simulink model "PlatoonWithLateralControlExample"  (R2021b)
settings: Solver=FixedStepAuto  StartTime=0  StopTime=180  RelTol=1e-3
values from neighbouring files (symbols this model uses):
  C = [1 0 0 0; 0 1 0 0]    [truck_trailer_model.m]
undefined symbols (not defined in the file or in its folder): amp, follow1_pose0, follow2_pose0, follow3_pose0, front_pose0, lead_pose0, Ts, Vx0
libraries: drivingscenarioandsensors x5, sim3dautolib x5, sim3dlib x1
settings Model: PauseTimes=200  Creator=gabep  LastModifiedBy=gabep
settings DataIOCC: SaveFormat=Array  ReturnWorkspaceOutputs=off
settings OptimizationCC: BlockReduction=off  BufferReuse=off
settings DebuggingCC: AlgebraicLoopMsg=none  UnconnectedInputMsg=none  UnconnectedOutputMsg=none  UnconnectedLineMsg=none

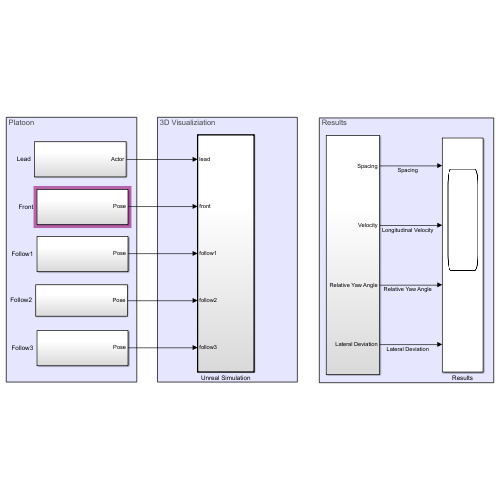
[thumbnail: Simulink's stored preview of the top-level diagram]
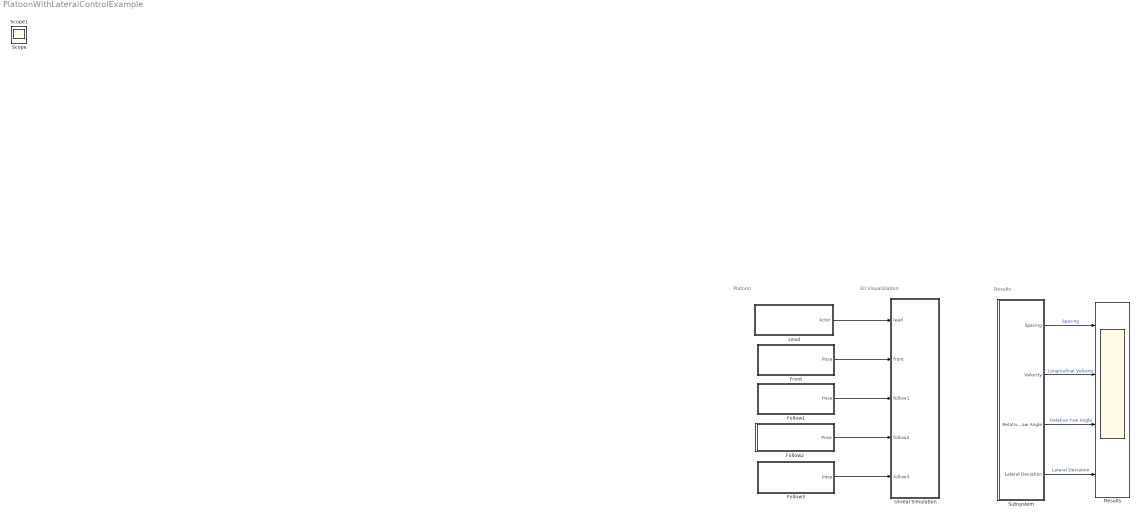
== system PlatoonWithLateralControlExample ==
  note: Results
  note: Platoon
  note: 3D Visualiziation
  Follow1 : Subsystem
      settings: PortSchema="{\"entries\":[{\"content\":{\"sides\":[{\"content\":{\"connectorIds\":[]},\"type\":\"ConnectorPlacement.EquallySpacedRectSide\",\"uuid\":\"e54d76f8-8c49-4840-b6a9-58e08104dcc1\"},{\"content\":{\"connectorIds\":[],\"side\":\"RIGHT\"},\"type\":\"ConnectorPlacement.EquallySpacedRectSide\",\"uuid\":\"16d97aed-590d-4da6-9d09-35159b7cd9d4\"},{\"content\":{\"connectorIds\":[\"Out1\"],\"side\":\"TOP\"},\"type\":\"ConnectorPlacement.EquallySpacedRectSide\",\"uuid\":\"c2bfedc8-00ba-418d-b164-6614631c3f94\"}]},\"type\":\"ConnectorPlacement.EquallySpacedConnector\",\"uuid\":\"51c3c2ba-a1bc-4371-a1ec-9944d72910ba\"}],\"packageUris\":[\"http://schema.mathworks.com/mf0/Connector/R2020b\"],\"version\":\"1.0\"}"
  Follow2 : Subsystem
      settings: PortSchema="{\"entries\":[{\"content\":{\"sides\":[{\"content\":{\"connectorIds\":[]},\"type\":\"ConnectorPlacement.EquallySpacedRectSide\",\"uuid\":\"06893071-ec21-4ffc-a054-06bfa92a0eac\"},{\"content\":{\"connectorIds\":[],\"side\":\"RIGHT\"},\"type\":\"ConnectorPlacement.EquallySpacedRectSide\",\"uuid\":\"1cbc90e1-f519-4952-8f8a-3c170042a637\"},{\"content\":{\"connectorIds\":[\"Out1\"],\"side\":\"TOP\"},\"type\":\"ConnectorPlacement.EquallySpacedRectSide\",\"uuid\":\"b6adb661-09de-4d57-bc58-bfba7e0f462d\"}]},\"type\":\"ConnectorPlacement.EquallySpacedConnector\",\"uuid\":\"b02e6905-9b80-44f2-a3ff-3310e2960530\"}],\"packageUris\":[\"http://schema.mathworks.com/mf0/Connector/R2020b\"],\"version\":\"1.0\"}"
  Follow3 : Subsystem
      settings: PortSchema="{\"entries\":[{\"content\":{\"sides\":[{\"content\":{\"connectorIds\":[]},\"type\":\"ConnectorPlacement.EquallySpacedRectSide\",\"uuid\":\"e54d76f8-8c49-4840-b6a9-58e08104dcc1\"},{\"content\":{\"connectorIds\":[],\"side\":\"RIGHT\"},\"type\":\"ConnectorPlacement.EquallySpacedRectSide\",\"uuid\":\"16d97aed-590d-4da6-9d09-35159b7cd9d4\"},{\"content\":{\"connectorIds\":[\"Out1\"],\"side\":\"TOP\"},\"type\":\"ConnectorPlacement.EquallySpacedRectSide\",\"uuid\":\"c2bfedc8-00ba-418d-b164-6614631c3f94\"}]},\"type\":\"ConnectorPlacement.EquallySpacedConnector\",\"uuid\":\"51c3c2ba-a1bc-4371-a1ec-9944d72910ba\"}],\"packageUris\":[\"http://schema.mathworks.com/mf0/Connector/R2020b\"],\"version\":\"1.0\"}"
  Front : Subsystem
      settings: PortSchema="{\"entries\":[{\"content\":{\"sides\":[{\"content\":{\"connectorIds\":[]},\"type\":\"ConnectorPlacement.EquallySpacedRectSide\",\"uuid\":\"e54d76f8-8c49-4840-b6a9-58e08104dcc1\"},{\"content\":{\"connectorIds\":[],\"side\":\"RIGHT\"},\"type\":\"ConnectorPlacement.EquallySpacedRectSide\",\"uuid\":\"16d97aed-590d-4da6-9d09-35159b7cd9d4\"},{\"content\":{\"connectorIds\":[\"Out1\"],\"side\":\"TOP\"},\"type\":\"ConnectorPlacement.EquallySpacedRectSide\",\"uuid\":\"c2bfedc8-00ba-418d-b164-6614631c3f94\"}]},\"type\":\"ConnectorPlacement.EquallySpacedConnector\",\"uuid\":\"51c3c2ba-a1bc-4371-a1ec-9944d72910ba\"}],\"packageUris\":[\"http://schema.mathworks.com/mf0/Connector/R2020b\"],\"version\":\"1.0\"}"
  Lead : Subsystem
      settings: PortSchema="{\"entries\":[{\"content\":{\"sides\":[{\"content\":{\"connectorIds\":[]},\"type\":\"ConnectorPlacement.EquallySpacedRectSide\",\"uuid\":\"e54d76f8-8c49-4840-b6a9-58e08104dcc1\"},{\"content\":{\"connectorIds\":[],\"side\":\"RIGHT\"},\"type\":\"ConnectorPlacement.EquallySpacedRectSide\",\"uuid\":\"16d97aed-590d-4da6-9d09-35159b7cd9d4\"},{\"content\":{\"connectorIds\":[\"Out1\"],\"side\":\"TOP\"},\"type\":\"ConnectorPlacement.EquallySpacedRectSide\",\"uuid\":\"c2bfedc8-00ba-418d-b164-6614631c3f94\"}]},\"type\":\"ConnectorPlacement.EquallySpacedConnector\",\"uuid\":\"51c3c2ba-a1bc-4371-a1ec-9944d72910ba\"}],\"packageUris\":[\"http://schema.mathworks.com/mf0/Connector/R2020b\"],\"version\":\"1.0\"}"
  Results : Scope  NumInputPorts=4
  Subsystem : Subsystem
  Unreal Simulation : Subsystem  TreatAsAtomicUnit=on
  Scope : Scope
  Scope1 : Scope
  wires:
  Lead/1(Actor) -> Unreal Simulation/1(lead)
  Front/1(Pose) -> Unreal Simulation/2(front)
  Follow1/1(Pose) -> Unreal Simulation/3(follow1)
  Follow2/1(Pose) -> Unreal Simulation/4(follow2)
  Follow3/1(Pose) -> Unreal Simulation/5(follow3)
  Subsystem/1(Spacing) -> Results/1  "Spacing"
  Subsystem/2(Velocity) -> Results/2  "Longitudinal Velocity"
  Subsystem/4(Lateral Deviation) -> Results/4  "Lateral Deviation"
  Subsystem/3(Relative Yaw Angle) -> Results/3  "Relative Yaw Angle"

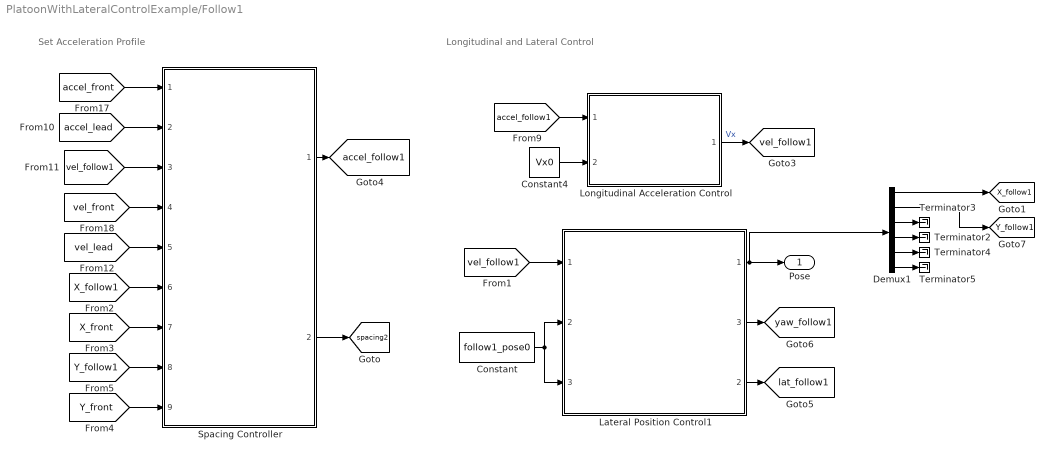
== system PlatoonWithLateralControlExample/Follow1 ==
  note: Set Acceleration Profile
  note: Longitudinal and Lateral Control
  Constant : Constant  Value=follow1_pose0
  Constant4 : Constant  Value=Vx0
  Demux1 : Demux  Outputs=6
  Lateral Position Control1 : Subsystem  ReferencedSubsystem=Lateral_Position_Control
      settings: PortSchema="{\"entries\":[{\"content\":{\"sides\":[{\"content\":{\"connectorIds\":[\"In1\",\"In2\",\"In3\"]},\"type\":\"ConnectorPlacement.EquallySpacedRectSide\",\"uuid\":\"be29c3cb-f330-4838-b745-538466c19ec8\"},{\"content\":{\"connectorIds\":[\"Out1\",\"Out3\",\"Out2\"],\"side\":\"RIGHT\"},\"type\":\"ConnectorPlacement.EquallySpacedRectSide\",\"uuid\":\"f85912df-f35d-4388-8854-cabd9b7a9775\"},{\"content\":{\"connectorIds\":[],\"side\":\"TOP\"},\"type\":\"ConnectorPlacement.EquallySpacedRectSide\",\"uuid\":\"58ed6a5b-2636-4a09-8dd1-9e23de881849\"}]},\"type\":\"ConnectorPlacement.EquallySpacedConnector\",\"uuid\":\"159292d7-4540-43fd-9ff3-bfddba653fcb\"}],\"packageUris\":[\"http://schema.mathworks.com/mf0/Connector/R2020b\"],\"version\":\"1.0\"}"
  Longitudinal Acceleration Control : Subsystem  ReferencedSubsystem=Longitudinal_Acceleration_Control
  Spacing Controller : Subsystem  ReferencedSubsystem=spacing_controller
  Terminator{2..5} (4 alike) : Terminator
  Pose : Outport
  tag scope: X_follow1=global, Y_follow1=global, accel_follow1=global, lat_follow1=global, spacing2=global, vel_follow1=global, yaw_follow1=global
  wires:
  Constant4/1 -> Longitudinal Acceleration Control/2
  [accel_follow1] -> Longitudinal Acceleration Control/1
  Longitudinal Acceleration Control/1 -> [vel_follow1]  "Vx"
  Lateral Position Control1/3 -> [yaw_follow1]
  Lateral Position Control1/2 -> [lat_follow1]
  [vel_follow1] -> Lateral Position Control1/1
  Constant/1 -> Lateral Position Control1/3, Lateral Position Control1/2
  Spacing Controller/2 -> [spacing2]
  [accel_front] -> Spacing Controller/1
  [accel_lead] -> Spacing Controller/2
  [vel_follow1] -> Spacing Controller/3
  [vel_front] -> Spacing Controller/4
  [vel_lead] -> Spacing Controller/5
  Spacing Controller/1 -> [accel_follow1]
  [X_front] -> Spacing Controller/7
  [X_follow1] -> Spacing Controller/6
  Demux1/4 -> Terminator2/1
  Demux1/6 -> Terminator5/1
  Demux1/2 -> [Y_follow1]
  Demux1/1 -> [X_follow1]
  Demux1/5 -> Terminator4/1
  Demux1/3 -> Terminator3/1
  Lateral Position Control1/1 -> Demux1/1, Pose/1
  [Y_front] -> Spacing Controller/9
  [Y_follow1] -> Spacing Controller/8

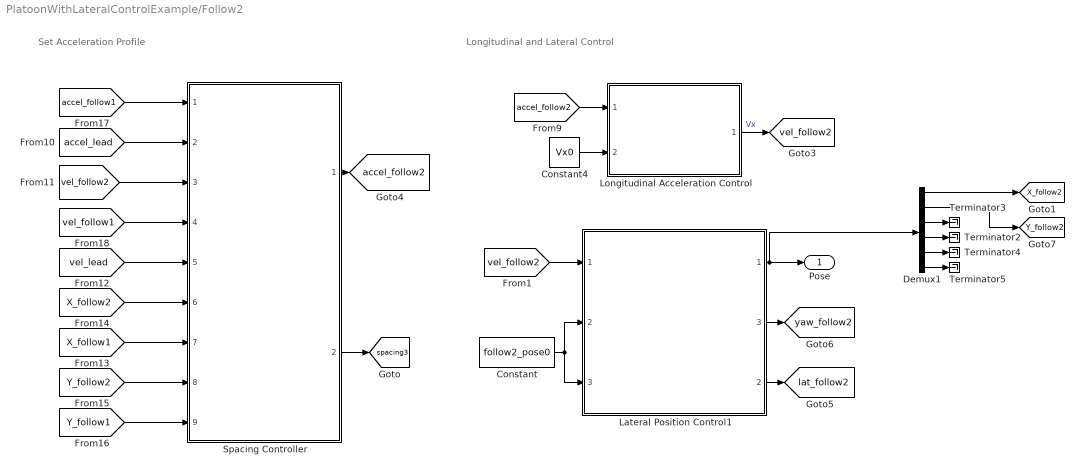
== system PlatoonWithLateralControlExample/Follow2 ==
  note: Set Acceleration Profile
  note: Longitudinal and Lateral Control
  Constant : Constant  Value=follow2_pose0
  Constant4 : Constant  Value=Vx0
  Demux1 : Demux  Outputs=6
  Lateral Position Control1 : Subsystem  ReferencedSubsystem=Lateral_Position_Control
      settings: PortSchema="{\"entries\":[{\"content\":{\"sides\":[{\"content\":{\"connectorIds\":[\"In1\",\"In2\",\"In3\"]},\"type\":\"ConnectorPlacement.EquallySpacedRectSide\",\"uuid\":\"be29c3cb-f330-4838-b745-538466c19ec8\"},{\"content\":{\"connectorIds\":[\"Out1\",\"Out3\",\"Out2\"],\"side\":\"RIGHT\"},\"type\":\"ConnectorPlacement.EquallySpacedRectSide\",\"uuid\":\"f85912df-f35d-4388-8854-cabd9b7a9775\"},{\"content\":{\"connectorIds\":[],\"side\":\"TOP\"},\"type\":\"ConnectorPlacement.EquallySpacedRectSide\",\"uuid\":\"58ed6a5b-2636-4a09-8dd1-9e23de881849\"}]},\"type\":\"ConnectorPlacement.EquallySpacedConnector\",\"uuid\":\"159292d7-4540-43fd-9ff3-bfddba653fcb\"}],\"packageUris\":[\"http://schema.mathworks.com/mf0/Connector/R2020b\"],\"version\":\"1.0\"}"
  Longitudinal Acceleration Control : Subsystem  ReferencedSubsystem=Longitudinal_Acceleration_Control
  Spacing Controller : Subsystem  ReferencedSubsystem=spacing_controller
  Terminator{2..5} (4 alike) : Terminator
  Pose : Outport
  tag scope: X_follow2=global, Y_follow2=global, accel_follow2=global, lat_follow2=global, spacing3=global, vel_follow2=global, yaw_follow2=global
  wires:
  Constant4/1 -> Longitudinal Acceleration Control/2
  [accel_follow2] -> Longitudinal Acceleration Control/1
  Longitudinal Acceleration Control/1 -> [vel_follow2]  "Vx"
  [Y_follow2] -> Spacing Controller/8
  [X_follow1] -> Spacing Controller/7
  Spacing Controller/1 -> [accel_follow2]
  [vel_follow2] -> Spacing Controller/3
  [vel_lead] -> Spacing Controller/5
  [accel_lead] -> Spacing Controller/2
  [Y_follow1] -> Spacing Controller/9
  [X_follow2] -> Spacing Controller/6
  [accel_follow1] -> Spacing Controller/1
  [vel_follow1] -> Spacing Controller/4
  Spacing Controller/2 -> [spacing3]
  Lateral Position Control1/3 -> [yaw_follow2]
  Lateral Position Control1/2 -> [lat_follow2]
  [vel_follow2] -> Lateral Position Control1/1
  Constant/1 -> Lateral Position Control1/3, Lateral Position Control1/2
  Demux1/3 -> Terminator3/1
  Demux1/5 -> Terminator4/1
  Demux1/1 -> [X_follow2]
  Demux1/6 -> Terminator5/1
  Demux1/2 -> [Y_follow2]
  Demux1/4 -> Terminator2/1
  Lateral Position Control1/1 -> Demux1/1, Pose/1

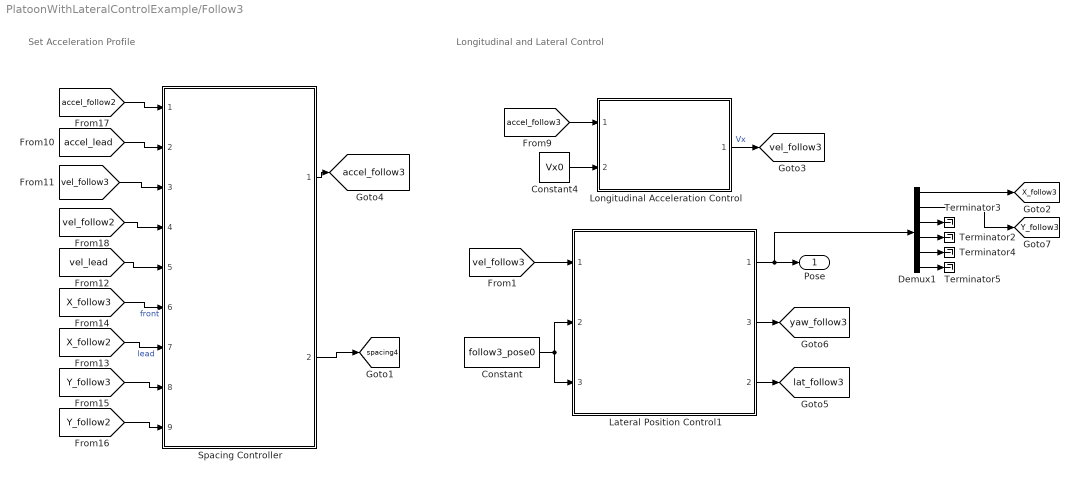
== system PlatoonWithLateralControlExample/Follow3 ==
  note: Set Acceleration Profile
  note: Longitudinal and Lateral Control
  Constant : Constant  Value=follow3_pose0
  Constant4 : Constant  Value=Vx0
  Demux1 : Demux  Outputs=6
  Lateral Position Control1 : Subsystem  ReferencedSubsystem=Lateral_Position_Control
      settings: PortSchema="{\"entries\":[{\"content\":{\"sides\":[{\"content\":{\"connectorIds\":[\"In1\",\"In2\",\"In3\"]},\"type\":\"ConnectorPlacement.EquallySpacedRectSide\",\"uuid\":\"be29c3cb-f330-4838-b745-538466c19ec8\"},{\"content\":{\"connectorIds\":[\"Out1\",\"Out3\",\"Out2\"],\"side\":\"RIGHT\"},\"type\":\"ConnectorPlacement.EquallySpacedRectSide\",\"uuid\":\"f85912df-f35d-4388-8854-cabd9b7a9775\"},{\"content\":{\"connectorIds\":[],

* Exercise details
Nothing should appear in the answer except the lines from the first line of the data through the line holding "Follow1 : Subsystem", exactly as written, with pictures left out.

* Exercise response
simulink model "PlatoonWithLateralControlExample"  (R2021b)
settings: Solver=FixedStepAuto  StartTime=0  StopTime=180  RelTol=1e-3
values from neighbouring files (symbols this model uses):
  C = [1 0 0 0; 0 1 0 0]    [truck_trailer_model.m]
undefined symbols (not defined in the file or in its folder): amp, follow1_pose0, follow2_pose0, follow3_pose0, front_pose0, lead_pose0, Ts, Vx0
libraries: drivingscenarioandsensors x5, sim3dautolib x5, sim3dlib x1
settings Model: PauseTimes=200  Creator=gabep  LastModifiedBy=gabep
settings DataIOCC: SaveFormat=Array  ReturnWorkspaceOutputs=off
settings OptimizationCC: BlockReduction=off  BufferReuse=off
settings DebuggingCC: AlgebraicLoopMsg=none  UnconnectedInputMsg=none  UnconnectedOutputMsg=none  UnconnectedLineMsg=none

[thumbnail: Simulink's stored preview of the top-level diagram]
== system PlatoonWithLateralControlExample ==
  note: Results
  note: Platoon
  note: 3D Visualiziation
  Follow1 : Subsystem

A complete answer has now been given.